*Exercise instructions*:
Print the material below exactly as it stands, please, from its first line to the line holding "for name, color, linetype", with no pictures.

*Supplied data*:
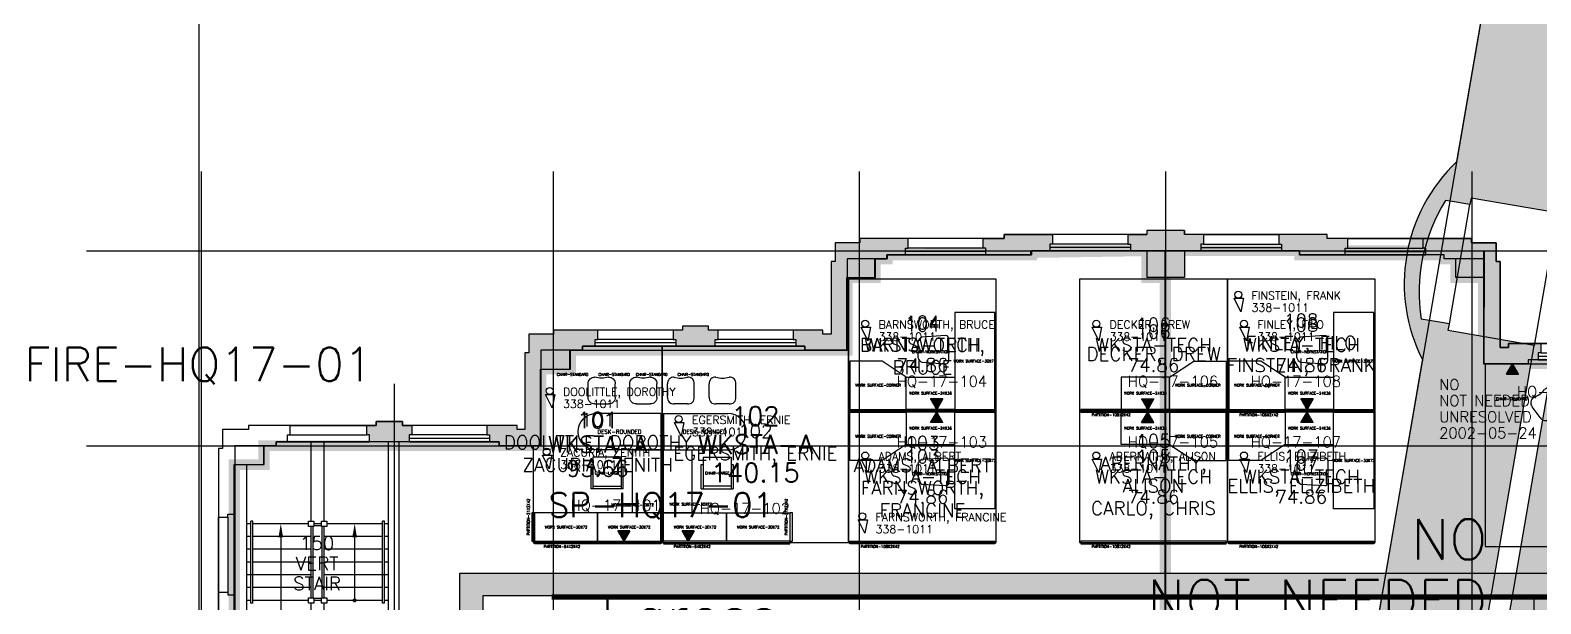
# Model space of a CAD drawing. Extents: x -90 to 4351, y -312 to 2865.
# Drawn here: x -90 to 1035, y 422 to 849 of the extents above; entities that cross this region are included whole.
import ezdxf
from ezdxf.enums import TextEntityAlignment as Align

# ---------------------------------------------------------------- set-up
doc = ezdxf.new("R2010")
doc.units = 0
doc.header["$LTSCALE"] = 120
doc.header["$MEASUREMENT"] = 0
doc.layers.get('0').update_dxf_attribs({"linetype": 'CONTINUOUS'})
for name, color, linetype in [('Added', 3, 'CONTINUOUS'), ('Deleted', 1, 'CONTINUOUS'), ('PL', 82, 'CONTINUOUS')]:
    doc.layers.add(name, color=color, linetype=linetype)
doc.styles.add('ASSETTEXT', font='simplex.shx')

# ---------------------------------------------------------------- blocks, each defined once
blk = doc.blocks.new('WNH')
for p, q in [((-2, 5), (58, 5)), ((-2, 2.5), (58, 2.5)), ((0, 0), (56, 0))]:
    blk.add_line(p, q)
at = {"layer": 'PL'}
blk.add_line((0, -7), (56, -7), dxfattribs=at)
blk = doc.blocks.new('WSURF')
for p, q in [((0, 1), (0, 0)), ((1, 1), (0, 1)), ((1, 0), (1, 1)), ((0, 0), (1, 0))]:
    blk.add_line(p, q)
blk = doc.blocks.new('UNIT')
blk.add_lwpolyline([(0, 0), (1, 0), (1, 1), (0, 1)], close=True)
blk = doc.blocks.new('CHAIR')
blk.add_lwpolyline([(-6.087272, 11.499599, 0.234283), (-9.327464, 8.599554), (-10.501149, -9.063947, 0.418572), (-8.101414, -11.4996), (8.101414, -11.4996, 0.418572), (10.501149, -9.063947), (9.327464, 8.599554, 0.234283), (6.087272, 11.499599, 0.234283)], format="xyb")
blk.add_lwpolyline([(-6.087273, 11.4996), (6.087273, 11.4996)])
blk = doc.blocks.new('WKSRF')
for p, q in [((0, 21), (47, 21)), ((0, 0), (0, 21)), ((47, 21), (47, 0)), ((47, 0), (0, 0))]:
    blk.add_line(p, q)
blk = doc.blocks.new('DC')
for p, q in [((1.5, 23.5), (1.5, 0)), ((1.5, 23.5), (22.5, 23.5)), ((22.5, 23.5), (22.5, 0)), ((0, 0), (0, 18)), ((0, 18), (1.5, 18)), ((22.5, 18), (24, 18)), ((24, 18), (24, 0)), ((0, 0), (24, 0)), ((22.5, 2), (1.5, 2))]:
    blk.add_line(p, q)
blk = doc.blocks.new('PART')
for p, q in [((1, 2), (0, 2)), ((0, 2), (0, 0)), ((1, 0), (1, 2)), ((0, 0), (1, 0))]:
    blk.add_line(p, q)
blk = doc.blocks.new('SC')
for p, q in [((0.026902, 14.947733), (0.026902, 5)), ((5, 19.947733), (15, 19.947733)), ((20, 14.947733), (20, 5))]:
    blk.add_line(p, q)
for centre, radius, start, end in [((4.607986, 15.364468), 4.6, 85.111302, 185.197803), ((15.419135, 15.366868), 4.6, 354.772172, 95.227828), ((4.607986, 4.583266), 4.6, 174.802197, 274.888698), ((10.051231, -16.983642), 17.718889, 73.849775, 106.563395), ((15.419135, 4.580865), 4.6, 264.772172, 5.227828)]:
    blk.add_arc(centre, radius, start, end)
blk = doc.blocks.new('RDSK')
for p, q in [((0, 27), (48, 27)), ((0, 27), (0, 0)), ((0, 0), (48, 0))]:
    blk.add_line(p, q)
blk.add_arc((47.993354, 13.409283), 13.539422, 270.028396, 89.971983)
blk = doc.blocks.new('CWSURF')
blk.add_lwpolyline([(24, 36), (0, 36), (0, 0), (42, 0), (42, 24)], close=True)
blk = doc.blocks.new('PERSON')
blk.add_lwpolyline([(-8, 0), (-13, 10), (-6, 10), (-8, 0)])
blk.add_circle((-9.918655, 12.655), 2.586836)
blk = doc.blocks.new('OUTLETW')
for p, q in [((7.8, 4.5), (0, 0)), ((7.8, -4.5), (0, 0)), ((0.2, 0.1), (7.8, 0.1)), ((0.6, 0.3), (7.8, 0.3)), ((1, 0.6), (7.8, 0.6)), ((1.3, 0.8), (7.8, 0.8)), ((1.7, 1), (7.8, 1)), ((2.1, 1.2), (7.8, 1.2)), ((2.5, 1.4), (7.8, 1.4)), ((2.9, 1.7), (7.8, 1.7)), ((3.2, 1.9), (7.8, 1.9)), ((3.6, 2.1), (7.8, 2.1)), ((4, 2.3), (7.8, 2.3)), ((4.4, 2.5), (7.8, 2.5)), ((4.8, 2.8), (7.8, 2.8)), ((5.1, 3), (7.8, 3)), ((5.5, 3.2), (7.8, 3.2)), ((5.9, 3.4), (7.8, 3.4)), ((6.3, 3.6), (7.8, 3.6)), ((6.7, 3.9), (7.8, 3.9)), ((7.1, 4.1), (7.8, 4.1)), ((7.4, 4.3), (7.8, 4.3)), ((7.8, -4.5), (7.8, 4.5)), ((0.2, -0.1), (7.8, -0.1)), ((0.6, -0.3), (7.8, -0.3)), ((1, -0.6), (7.8, -0.6)), ((1.3, -0.8), (7.8, -0.8)), ((1.7, -1), (7.8, -1)), ((2.1, -1.2), (7.8, -1.2)), ((2.5, -1.4), (7.8, -1.4)), ((2.9, -1.7), (7.8, -1.7)), ((3.2, -1.9), (7.8, -1.9)), ((3.6, -2.1), (7.8, -2.1)), ((4, -2.3), (7.8, -2.3)), ((4.4, -2.5), (7.8, -2.5)), ((4.8, -2.8), (7.8, -2.8)), ((5.1, -3), (7.8, -3)), ((5.5, -3.2), (7.8, -3.2)), ((5.9, -3.4), (7.8, -3.4)), ((6.3, -3.6), (7.8, -3.6)), ((6.7, -3.9), (7.8, -3.9)), ((7.1, -4.1), (7.8, -4.1)), ((7.4, -4.3), (7.8, -4.3))]:
    blk.add_line(p, q)

msp = doc.modelspace()

# ---------------------------------------------------------------- hatches: boundary and pattern name
at = {"layer": 'Added'}
h = msp.add_hatch(color=256, dxfattribs=at)
h.paths.add_polyline_path([(2602.5, 2159.3), (2524.4, 2172.8), (2507.5, 2074.2), (2585.5, 2060.8)])
h.paths.add_polyline_path([(2585.5, 2060.8), (2507.5, 2074.2), (2483.7, 1936.2), (2561.7, 1922.8)])
h.paths.add_polyline_path([(2544.8, 1824.2), (2466.7, 1837.7), (2462.9, 1815.5), (2242.5, 1853.5), (2234.4, 1806.7), (2454.8, 1768.7), (2444.7, 1710.2), (2522.8, 1696.8)])
h.paths.add_polyline_path([(2561.7, 1922.8), (2537.1, 1927), (2520.1, 1828.5), (2544.8, 1824.2)])
h.paths.add_polyline_path([(3302.6, 1546), (2496.8, 1546), (2505.8, 1598.2), (2427.8, 1611.7), (2416.8, 1547.9), (2478, 1466.8), (3252.6, 1466.8), (3252.6, 907.2), (3252.6, 822.3), (3252.6, 276.3), (3117.3, 276.3), (3117.3, 822.3), (3252.6, 822.3), (3252.6, 907.2), (3117.3, 907.2), (3117.3, 1322.2), (3084.8, 1322.2), (3084.8, 907.2), (3011.6, 907.2), (3011.6, 1322.2), (2710.1, 1322.2), (2710.1, 889.3), (2411.1, 889.3), (2411.1, 1321.1), (2364.1, 1321.1), (2364.1, 909.3), (2053.3, 909.3), (2053.3, 822.3), (2364.1, 822.3), (2740.1, 822.3), (2792.3, 822.3), (2792.3, 907.2), (2740.1, 907.2), (2740.1, 1272.2), (2969.3, 1272.2), (2969.3, 907.2), (2919.3, 907.2), (2919.3, 822.3), (3084.8, 822.3), (3084.8, 819.3), (3084.8, 807.3), (3084.8, 276.3), (2915.4, 276.3), (2915.4, 211.3), (2910.4, 211.3), (2910.4, 196.3), (2910.4, 192.9, -0.181689), (2820.4, 190.1), (2820.4, 196.3), (2820.4, 211.3), (2815.4, 211.3), (2815.4, 276.3), (2652, 276.3), (2652, 211.3), (2647, 211.3), (2647, 196.3), (2647, 192.9, -0.181689), (2557, 190.1), (2557, 196.3), (2557, 211.3), (2552, 211.3), (2552, 276.3), (2388.6, 276.3), (2388.6, 211.3), (2383.6, 211.3), (2383.6, 196.3), (2383.6, 192.9, -0.181689), (2293.6, 190.1), (2293.6, 196.3), (2293.6, 211.3), (2288.6, 211.3), (2288.6, 276.3), (2125.2, 276.3), (2125.2, 211.3), (2120.2, 211.3), (2120.2, 196.3), (2120.2, 192.9, -0.181689), (2030.2, 190.1), (2030.2, 196.3), (2030.2, 211.3), (2025.2, 211.3), (2025.2, 276.3), (1861.8, 276.3), (1861.8, 211.3), (1856.8, 211.3), (1856.8, 196.3), (1856.8, 192.9, -0.181689), (1766.8, 190.1), (1766.8, 196.3), (1766.8, 211.3), (1761.8, 211.3), (1761.8, 276.3), (1629.8, 276.3), (1629.8, 260.5), (1404.8, 260.5), (1404.8, 195.5), (1399.8, 195.5), (1399.8, 180.5), (1399.8, 177.1, -0.181689), (1309.8, 174.3), (1309.8, 180.5), (1309.8, 195.5), (1304.8, 195.5), (1304.8, 260.5), (1075.6, 260.5), (989.4, 379.4), (1029.9, 614.6), (965.8, 625.6), (966.7, 630.6), (951.9, 633.1), (945.8, 634.2, -0.181689), (963.8, 722.4), (967.2, 721.8), (982, 719.3), (982.8, 724.2), (1046.9, 713.1), (1065.7, 822.3), (1157.2, 822.3), (1157.2, 909.3), (1106.5, 909.3), (1132.7, 1061.6), (1068.7, 1072.7), (1069.5, 1077.6), (1054.8, 1080.1), (1048.6, 1081.2, -0.181689), (1066.7, 1169.4), (1070, 1168.8), (1084.8, 1166.3), (1085.7, 1171.2), (1149.7, 1160.2), (1183.9, 1358.5), (1105.1, 1372.1), (1075.1, 1198.4, 0.333333), (1049.7, 1050.6), (1037.2, 978.2), (1012.1, 982.5), (972.3, 751.4, 0.333333), (946.8, 603.5), (904.8, 359.7), (1034.8, 180.5), (1279.8, 180.5, 0.333333), (1429.8, 180.5), (1674.8, 180.5), (1674.8, 196.3), (1736.8, 196.3, 0.333333), (1886.8, 196.3), (2000.2, 196.3, 0.333333), (2150.2, 196.3), (2263.6, 196.3, 0.333333), (2413.6, 196.3), (2527, 196.3, 0.333333), (2677, 196.3), (2790.4, 196.3, 0.333333), (2940.4, 196.3), (3302.6, 196.3), (3302.6, 1474.3)])
h = msp.add_hatch(color=256, dxfattribs=at)
h.paths.add_polyline_path([(2001.1, 1527.2), (1991.9, 1474), (2364.1, 1409.9), (2364.1, 1391.8), (2364.1, 1321.1), (2411.1, 1321.1), (2411.1, 1364.5), (2331.3, 1470.4)])
h.paths.add_polyline_path([(1798.3, 822.3), (1081.2, 822.3), (1005.5, 382.7), (1082.7, 276.3), (1629.8, 276.3), (1998.3, 276.3), (1998.3, 705.3), (1940.3, 705.3), (1940.3, 655.3), (1948.3, 655.3), (1948.3, 326.3), (1108.1, 326.3), (1058.3, 395), (1123.3, 772.3), (1748.3, 772.3), (1748.3, 655.3), (1810.3, 655.3), (1810.3, 705.3), (1798.3, 705.3)])
at = {"layer": 'Deleted'}
h = msp.add_hatch(color=256, dxfattribs=at)
h.paths.add_polyline_path([(769.4, 665), (741.4, 665), (741.4, 685), (729.2, 685), (729.2, 690), (727.2, 690), (727.2, 697), (741.4, 697), (741.4, 700), (769.4, 700), (769.4, 697), (783.7, 697), (783.7, 690), (781.7, 690), (781.7, 685), (769.4, 685)])
h.paths.add_polyline_path([(1117.2, 619), (1097.7, 619), (1097.7, 616), (1090.7, 616), (1090.7, 609), (1092.7, 609), (1092.7, 604), (1122.2, 604), (1122.2, 609), (1124.2, 609), (1124.2, 616), (1117.2, 616)])
h.paths.add_polyline_path([(1345.2, 538), (1325.7, 538), (1325.7, 535), (1318.7, 535), (1318.7, 528), (1320.7, 528), (1320.7, 523), (1350.2, 523), (1350.2, 528), (1352.2, 528), (1352.2, 535), (1345.2, 535)])
h.paths.add_polyline_path([(1408.2, 528), (1408.2, 535), (1438.2, 535), (1438.2, 532), (1457.4, 532), (1457.4, 518), (1460.4, 518), (1460.4, 475), (1453.4, 475), (1453.4, 477), (1448.4, 477), (1448.4, 506), (1427.4, 506), (1427.4, 520), (1418.7, 520), (1418.7, 523), (1410.2, 523), (1410.2, 528)])
h.paths.add_polyline_path([(1493.4, 176.7), (1490.4, 176.7), (1490.4, 169.7), (1483.4, 169.7), (1483.4, 171.7), (1478.4, 171.7), (1478.4, 193.2), (1483.4, 193.2), (1483.4, 195.2), (1490.4, 195.2), (1490.4, 188.2), (1493.4, 188.2)])
for points in [[(518.4, 611), (518.4, 665), (539.4, 665), (539.4, 679), (548.2, 679), (548.2, 682), (561.7, 682), (561.7, 687), (563.7, 687), (563.7, 694), (527.7, 694), (527.7, 691), (509.4, 691), (509.4, 677), (506.4, 677), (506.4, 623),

*Your solution*:
# Model space of a CAD drawing. Extents: x -90 to 4351, y -312 to 2865.
# Drawn here: x -90 to 1035, y 422 to 849 of the extents above; entities that cross this region are included whole.
import ezdxf
from ezdxf.enums import TextEntityAlignment as Align

# ---------------------------------------------------------------- set-up
doc = ezdxf.new("R2010")
doc.units = 0
doc.header["$LTSCALE"] = 120
doc.header["$MEASUREMENT"] = 0
doc.layers.get('0').update_dxf_attribs({"linetype": 'CONTINUOUS'})
for name, color, linetype in [('Added', 3, 'CONTINUOUS'), ('Deleted', 1, 'CONTINUOUS'), ('PL', 82, 'CONTINUOUS')]:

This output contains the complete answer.